Заранее предвижу, что меня будут упрекать и в идеализации прошлого, и в чрезмерно доброжелательном отношении к отдельным людям. Подобные обвинения сейчас обычны. Не собираюсь оправдываться, тем более, что считаю их имеющими основание. Однако все же хочу объясниться по этому поводу с читателем.

Во-первых, дело в том, что когда человеку перевалит за половину его жизни, то годы юности всегда представляются ему какими-то необыкновенно хорошими. Не у всякого эта юность была одинаковой — у одного она была любящей, заботливой матерью, у другого — строгой, но справедливой воспитательницей, у третьего — жестокой, бессердечной мачехой. Но во всех случаях она была юностью — периодом первого знакомства с жизнью и первых мечтаний, когда все кажется интересным и необыкновенным, и предстоящий жизненный путь представляется столь бесконечным, что не вызывает ни малейших опасений, что его не хватит для достижения всего задуманного. Поэтому-то любой автор, даже тот, для которого юность была мачехой, неизменно найдет в ней моменты, которые будет невольно идеализировать.

Во-вторых, по своему происхождению я принадлежал к правящему классу. Я, право, в этом не виноват, так же как и в том, что моя юность оказалась для меня любящей, заботливой матерью. Дети, как известно, не вольны выбирать себе родителей, впрочем, если бы мне даже и представился подобный необыкновенный случай, я бы им не воспользовался.

В-третьих, я стремился говорить о событиях и людях так, как я воспринимал их в то время. Правда, мне не всегда это удавалось, но иначе поступать я не мог. А мы знаем, что в юном возрасте многое представляется нам не так, как в зрелом. Всякого мальчишку пленяет героика войны, а не ее ужасы, фееричность стихийного бедствия, а не его печальные последствия и т. д.

В-четвертых, я руководился тем соображением, что наш советский читатель достаточно хорошо умеет сопоставлять факты и делать из них соответствующие выводы. Он уже вышел из того возраста, когда ему надо было все толковать и обязательно выводить мораль. Теперь он уже легко и без этого увидит между строк написанного и пустоту жизни тогдашнего «избранного круга» людей, и все уродливые стороны действительности того времени, сколь бы припудрены они ни были патриархальными традициями.

Что же касается идеализации отдельных личностей, то в этом отношении я всегда предпочитал и предпочитаю думать о людях лучше, чем, может быть, они есть на самом деле. Весьма возможно, что это и неверно, но с этим я и умру.

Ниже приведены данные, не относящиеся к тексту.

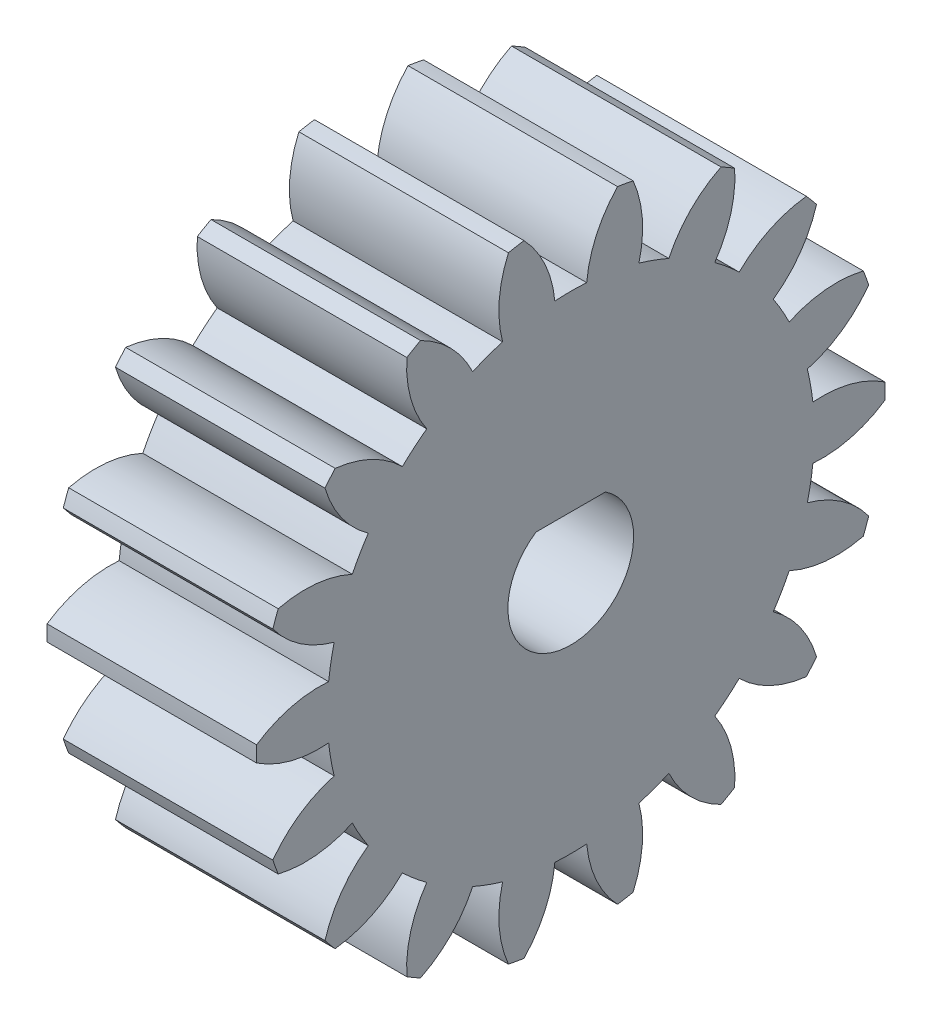
SolidWorks part; units mm, degrees
ref_plane "Plane1" through (0, 0, 0) normal (0, 0, 1) x (1, 0, 0)
ref_plane "Plane2" through (0, 0, 0) normal (0, 1, 0) x (1, 0, 0)
ref_plane "Plane3" through (0, 0, 0) normal (1, 0, 0) x (0, 0, -1)
sketch "HoldingSke" plane through (0, 0, 0) normal (0, 1, 0) x (1, 0, 0)
  line L0 (0, 0) -> (0.634, -0.206)
  line L1 (-15, 0) -> (100, 0) construction
  line L2 (0, 0) -> (-2.1039, 2.3779)
  line L3 (0, 0) -> (-11.863, 4.5341)
  line L4 (0, 0) -> (8.2133, 2.6687)
  line L5 (0, 0) -> (-46.8476, -17.4728)
  line L6 (0, 0) -> (-8.2896, -5.593)
  line L7 (-2.1039, 2.3779) -> (8.6586, 51.2059)
  line L8 (-76.2, 54.61) -> (-75.2, 54.61)
  line L9 (-71.009, 38.7566) -> (-53.1078, 45.2721)
  line L10 (-76.2, 71.12) -> (104.1128, 71.12)
  line L11 (0, 0) -> (-10, 0)
  line L12 (-76.2, 101.6) -> (-76.147, 101.6)
  line L13 (24.9733, 27.94) -> (52.9518, 28.4284)
  line L14 (24.9733, 27.94) -> (24.9743, 27.94)
  line L15 (24.9733, 27.94) -> (100.4006, 29.5858)
  line L16 (-63.627, -1.5) -> (-12.827, -1.5)
  circle A0 centre (0, 0) radius 3
  circle A1 centre (0, 0) radius 11.624
  circle A2 centre (0, 0) radius 37.5
  circle A3 centre (0, 0) radius 3
  dimension "MHD" = 23.248
  dimension "Hub_dia" = 75
  dimension "Bore" = 6
  dimension "MBD" = 6
  dimension "Num_teeth" = 18
  dimension "Pitch" = 0.6667
  dimension "Overall_len" = 50
  dimension "Show_teeth" = 18
  dimension "Thickness" = 10
  dimension "OAL" = 50.0001
  dimension "T_dim" = 1
  dimension "Ap" = 20
  dimension "H" = 19.05
  dimension "Pitch_radius" = 180.3128
  dimension "Width" = 10
  dimension "Backlash" = 0.053
  dimension "Addendum_fac" = 1
  dimension "Dedendum_fac" = 1.25
  dimension "Clearance_fac" = 0.25
  dimension "Dedendum_add" = 0.001
  dimension "Module" = 1.5
sketch "BasProSke" plane through (0, 0, 0) normal (0, 1, 0) x (1, 0, 0)
  line L0 (-10, 0) -> (60, 0) construction
  line L1 (0, 0) -> (0, 15)
  line L2 (0, 0) -> (10, 0)
  line L3 (10, 0) -> (10, 15)
  line L4 (10, 15) -> (0, 15)
  dimension "Thickness" = 10
  dimension "Diameter" = 30
revolve "Base-Revolve" add sketch "BasProSke" angle 360 about L0
sketch "TooCutSke" plane through (0, 0, 0) normal (1, 0, 0) x (0, 0, -1)
  line L1 (0, 0) -> (0, 107) construction
  line L2 (0, 0) -> (-1.2693, 13.4402) construction
  line L3 (0, 0) -> (-4.6734, 26.504) construction
  line L4 (-1.2693, 13.4402) -> (-2.3367, 13.252) construction
  arc A0 (0.76, 11.5991) -> (-0.76, 11.5991) centre (0, 0) ccw
  arc A1 (2.2542, 14.8553) -> (-2.2542, 14.8553) centre (0, 0) ccw
  circle A2 centre (0, 0) radius 13.5 construction
  circle A3 centre (0, 0) radius 12.6859 construction
  arc A4 (-0.76, 11.5991) -> (-2.2542, 14.8553) centre (-6.1371, 11.1026) ccw
  arc A5 (2.2542, 14.8553) -> (0.76, 11.5991) centre (6.1371, 11.1026) ccw
  dimension "Root_dia" = 23.248
  dimension "Overcut_dia" = 30.0508
  dimension "Pitch_dia" = 27
  dimension "Base_dia" = 25.3717
  dimension "Flank_rad" = 5.4
  dimension "Half_ang" = 10
  dimension "Half_CT" = 1.0839
extrude "ToothCut" cut sketch "TooCutSke" along normal through all
fillet "Breaks" [suppressed] radius 0.03
fillet "RootFillets" [suppressed] radius 0.376
pattern_circular "TeethCuts" count 18 every 20 about axis through (-10, 0, 0) along (1, 0, 0) of "ToothCut", "RootFillets", "Breaks"
sketch "HubNeaOneSke" plane through (0, 0, 0) normal (-1, 0, 0) x (0, 0, 1)
  circle A0 centre (0, 0) radius 11.624
  dimension "Diameter" = 23.248
extrude "HubNearOne" [suppressed] add sketch "HubNeaOneSke" along normal blind 40.0001
sketch "HubNeaBotSke" plane through (0, 0, 0) normal (-1, 0, 0) x (0, 0, 1)
  circle A0 centre (0, 0) radius 11.624
  dimension "Diameter" = 23.248
extrude "HubNearBoth" [suppressed] add sketch "HubNeaBotSke" along normal blind 20
ref_plane "FarPln" through (10, 0, 0) normal (1, 0, 0) x (0, 0, -1)
sketch "HubFarSke" plane through (10, 0, 0) normal (1, 0, 0) x (0, 0, -1)
  circle A0 centre (0, 0) radius 11.624
  dimension "Diameter" = 23.248
extrude "HubFar" [suppressed] add sketch "HubFarSke" along normal blind 20
sketch "BorSke" plane through (0, 0, 0) normal (1, 0, 0) x (0, 0, -1)
  circle A0 centre (0, 0) radius 3
  dimension "Diameter" = 6
extrude "Bore" cut sketch "BorSke" along normal mid plane 100.0001
sketch "KeySke" plane through (0, 0, 0) normal (1, 0, 0) x (0, 0, -1)
  line L0 (-1, 0) -> (-1, 4)
  line L1 (-1, 4) -> (1, 4)
  line L2 (1, 4) -> (1, 0)
  line L3 (0, 0) -> (0, 34) construction
  line L4 (-1, 0) -> (1, 0)
  dimension "Offset" = 4
  dimension "Width" = 2
extrude "Keyway" [suppressed] cut sketch "KeySke" along normal mid plane 100.0001
pattern_circular "Keyway2" [suppressed] count 2 every 90 about axis through (-10, 0, 0) along (1, 0, 0)
sketch "Sketch1" plane through (10, 0, 0) normal (1, 0, 0) x (0, 0, -1)
  line L0 (-1.6583, 2.5) -> (1.6583, 2.5)
  circle A0 centre (0, 0) radius 3
  dimension "D1" = 2.5
  dimension "D2" = 6
extrude "Boss-Extrude1" add sketch "Sketch1" against normal blind 10 contours L0 A0
equation "' \"Module@HoldingSke\" = 6.35"
equation "' \"Num_teeth@HoldingSke\" = 12"
equation "' \"Ap@HoldingSke\" =  20"
equation "' \"Ap@HoldingSke\" = 20"
equation "' \"Width@HoldingSke\" = 0.5 * 25.4"
equation "' \"Hub_dia@HoldingSke\"= 1 * 25.4"
equation "' \"Hub_dia@HoldingSke\" = 1 * 25.4"
equation "' \"Overall_len@HoldingSke\" = 1.0 * 25.4"
equation "' \"Bore@HoldingSke\" = 0.75 * 25.4"
equation "' \"T_dim@HoldingSke\" = 0.1 * 25.4"
equation "' \"Width@KeySke\" = 0.25 * 25.4"
equation "' \"Show_teeth@HoldingSke\" = 13"
equation "' \"Backlash@HoldingSke\" = 0.009 * 25.4"
equation "' \"Addendum_fac@HoldingSke\" = 1.0"
equation "' \"Dedendum_fac@HoldingSke\" = 1.25"
equation "' \"Dedendum_add@HoldingSke\" = 0.00005 * 25.4"
equation "' \"Clearance_fac@HoldingSke\" = 0.25"
equation "\"Pitch@HoldingSke\" = 1 / \"Module@HoldingSke\""
equation "\"Overcut_dia@TooCutSke\" = (\"Num_teeth@HoldingSke\" + 2 * \"Addendum_fac@HoldingSke\") / \"Pitch@HoldingSke\" + 0.002 * 25.4"
equation "\"Pitch_dia@TooCutSke\" = \"Num_teeth@HoldingSke\" / \"Pitch@HoldingSke\""
equation "\"Base_dia@TooCutSke\" = \"Num_teeth@HoldingSke\" / \"Pitch@HoldingSke\" * cos((\"Ap@HoldingSke\"  * 3.14159265 / 180))"
equation "\"Root_dia@TooCutSke\" = (\"Num_teeth@HoldingSke\" + 2) / \"Pitch@HoldingSke\" - 2 * (\"Addendum_fac@HoldingSke\" + \"Dedendum_fac@HoldingSke\") / \"Pitch@HoldingSke\" - \"Dedendum_add@HoldingSke\" * 2"
equation "\"Half_ang@TooCutSke\" = 180 / \"Num_teeth@HoldingSke\""
equation "\"Half_CT@TooCutSke\" = \"Num_teeth@HoldingSke\" / \"Pitch@HoldingSke\" * sin((3.14159265 / 2 / \"Num_teeth@HoldingSke\")) / 2 - 7 * \"Backlash@HoldingSke\" / 4"
equation "\"Flank_rad@TooCutSke\" = \"Num_teeth@HoldingSke\" / \"Pitch@HoldingSke\" / 5"
equation "\"Radius@RootFillets\" = \"Clearance_fac@HoldingSke\" / \"Pitch@HoldingSke\" + \"Dedendum_add@HoldingSke\""
equation "\"Break_rad@Breaks\" = 0.02 / \"Pitch@HoldingSke\""
equation "\"Thickness@HoldingSke\" = \"Width@HoldingSke\""
equation "\"OAL@HoldingSke\" = \"Thickness@HoldingSke\""
equation "\"MHD@HoldingSke\" = (\"Num_teeth@HoldingSke\" + 2) / \"Pitch@HoldingSke\" - 2 * (\"Addendum_fac@HoldingSke\" + \"Dedendum_fac@HoldingSke\")  / \"Pitch@HoldingSke\" - \"Dedendum_add@HoldingSke\" * 2"
equation "\"MBD@HoldingSke\" = (\"Num_teeth@HoldingSke\" + 2) / \"Pitch@HoldingSke\" - 2 * (\"Addendum_fac@HoldingSke\" + \"Dedendum_fac@HoldingSke\")  / \"Pitch@HoldingSke\" - \"Dedendum_add@HoldingSke\" * 2 - 0.002 * 25.4"
equation "\"MHD@HoldingSke\" = ((sgn( \"MHD@HoldingSke\" - \"Hub_dia@HoldingSke\" )-1)*( \"MHD@HoldingSke\" - \"Hub_dia@HoldingSke\" ))/-2+ \"Hub_dia@HoldingSke\""
equation "\"MBD@HoldingSke\" = ((sgn( \"MBD@HoldingSke\" - \"Bore@HoldingSke\" )-1)*( \"MBD@HoldingSke\" - \"Bore@HoldingSke\" ))/-2+ \"Bore@HoldingSke\""
equation "\"OAL@HoldingSke\" = ((sgn( \"OAL@HoldingSke\" - \"Overall_len@HoldingSke\" )+1)*( \"OAL@HoldingSke\" - \"Overall_len@HoldingSke\" ))/2 + \"Overall_len@HoldingSke\" + 0.000002 * 25.4"
equation "\"Num_teeth@TeethCuts\" = int( \"Show_teeth@HoldingSke\" ) + 1"
equation "\"Num_teeth@TeethCuts\" = ((sgn( \"Num_teeth@TeethCuts\" - \"Num_teeth@HoldingSke\" )-1)*( \"Num_teeth@TeethCuts\" - \"Num_teeth@HoldingSke\" ))/-2+ \"Num_teeth@HoldingSke\""
equation "\"Num_teeth@TeethCuts\" = ((sgn( \"Num_teeth@TeethCuts\" - 2.0)+1)*( \"Num_teeth@TeethCuts\" - 2.0))/2 +2.0"
equation "\"Angle@TeethCuts\" = 360.0 / \"Num_teeth@HoldingSke\""
equation "\"Diameter@BasProSke\" = (\"Num_teeth@HoldingSke\" + 2 * \"Addendum_fac@HoldingSke\") / \"Pitch@HoldingSke\""
equation "\"Thickness@BasProSke\"  = \"Thickness@HoldingSke\""
equation "' \"Fillet_rad@BasProSke\" =  \"Thickness@HoldingSke\" * 0.05"
equation "' \"Fillet_rad@BasProSke\" = \"Thickness@HoldingSke\" * 0.05"
equation "\"MHD@HoldingSke\" = ((sgn( \"MHD@HoldingSke\" - \"Root_dia@TooCutSke\" )-1)*( \"MHD@HoldingSke\" - \"Root_dia@TooCutSke\" ))/-2+ \"Root_dia@TooCutSke\""
equation "\"Diameter@HubNeaOneSke\" = \"MHD@HoldingSke\""
equation "\"Length@HubNearOne\" = \"OAL@HoldingSke\" - \"Thickness@BasProSke\""
equation "\"Diameter@HubNeaBotSke\" = \"MHD@HoldingSke\""
equation "\"Length@HubNearBoth\" = ( \"OAL@HoldingSke\" - \"Thickness@BasProSke\" ) / 2.0"
equation "\"Thickness@FarPln\" = \"Thickness@BasProSke\""
equation "\"Diameter@HubFarSke\" = \"MHD@HoldingSke\""
equation "\"Length@HubFar\" = ( \"OAL@HoldingSke\" - \"Thickness@BasProSke\" ) / 2.0"
equation "\"Diameter@BorSke\" = \"MBD@HoldingSke\""
equation "\"D1@Bore\" = \"OAL@HoldingSke\" * 2.0"
equation "\"D1@Keyway\" = \"OAL@HoldingSke\" * 2.0"
equation "\"Offset@KeySke\" = \"T_dim@HoldingSke\" + \"MBD@HoldingSke\" / 2.0"

Несколько строк о написанном мною. Предлагаемое — лишь первая часть моих воспоминаний. Для того, чтобы их закончить, надо написать еще таких же книги четыре. Удастся ли мне это — не знаю.

Ведь кто-то как-то заметил, что люди начинают писать свои мемуары в двух случаях — либо в моменты сильного нервного напряжения, как в моем случае, либо когда им от жизни уже нечего ждать, ну а я еще не сложил оружия и продолжаю ждать много интересного в будущем.

Все, о чем рассказывается в этой первой части, несмотря на незначительный срок, отодвинулось так далеко назад, что стало чем-то фантастическим и еле различимым. Это и побудило меня назвать первую книгу моих воспоминаний древним русским геральдическим термином «Из мрака времен».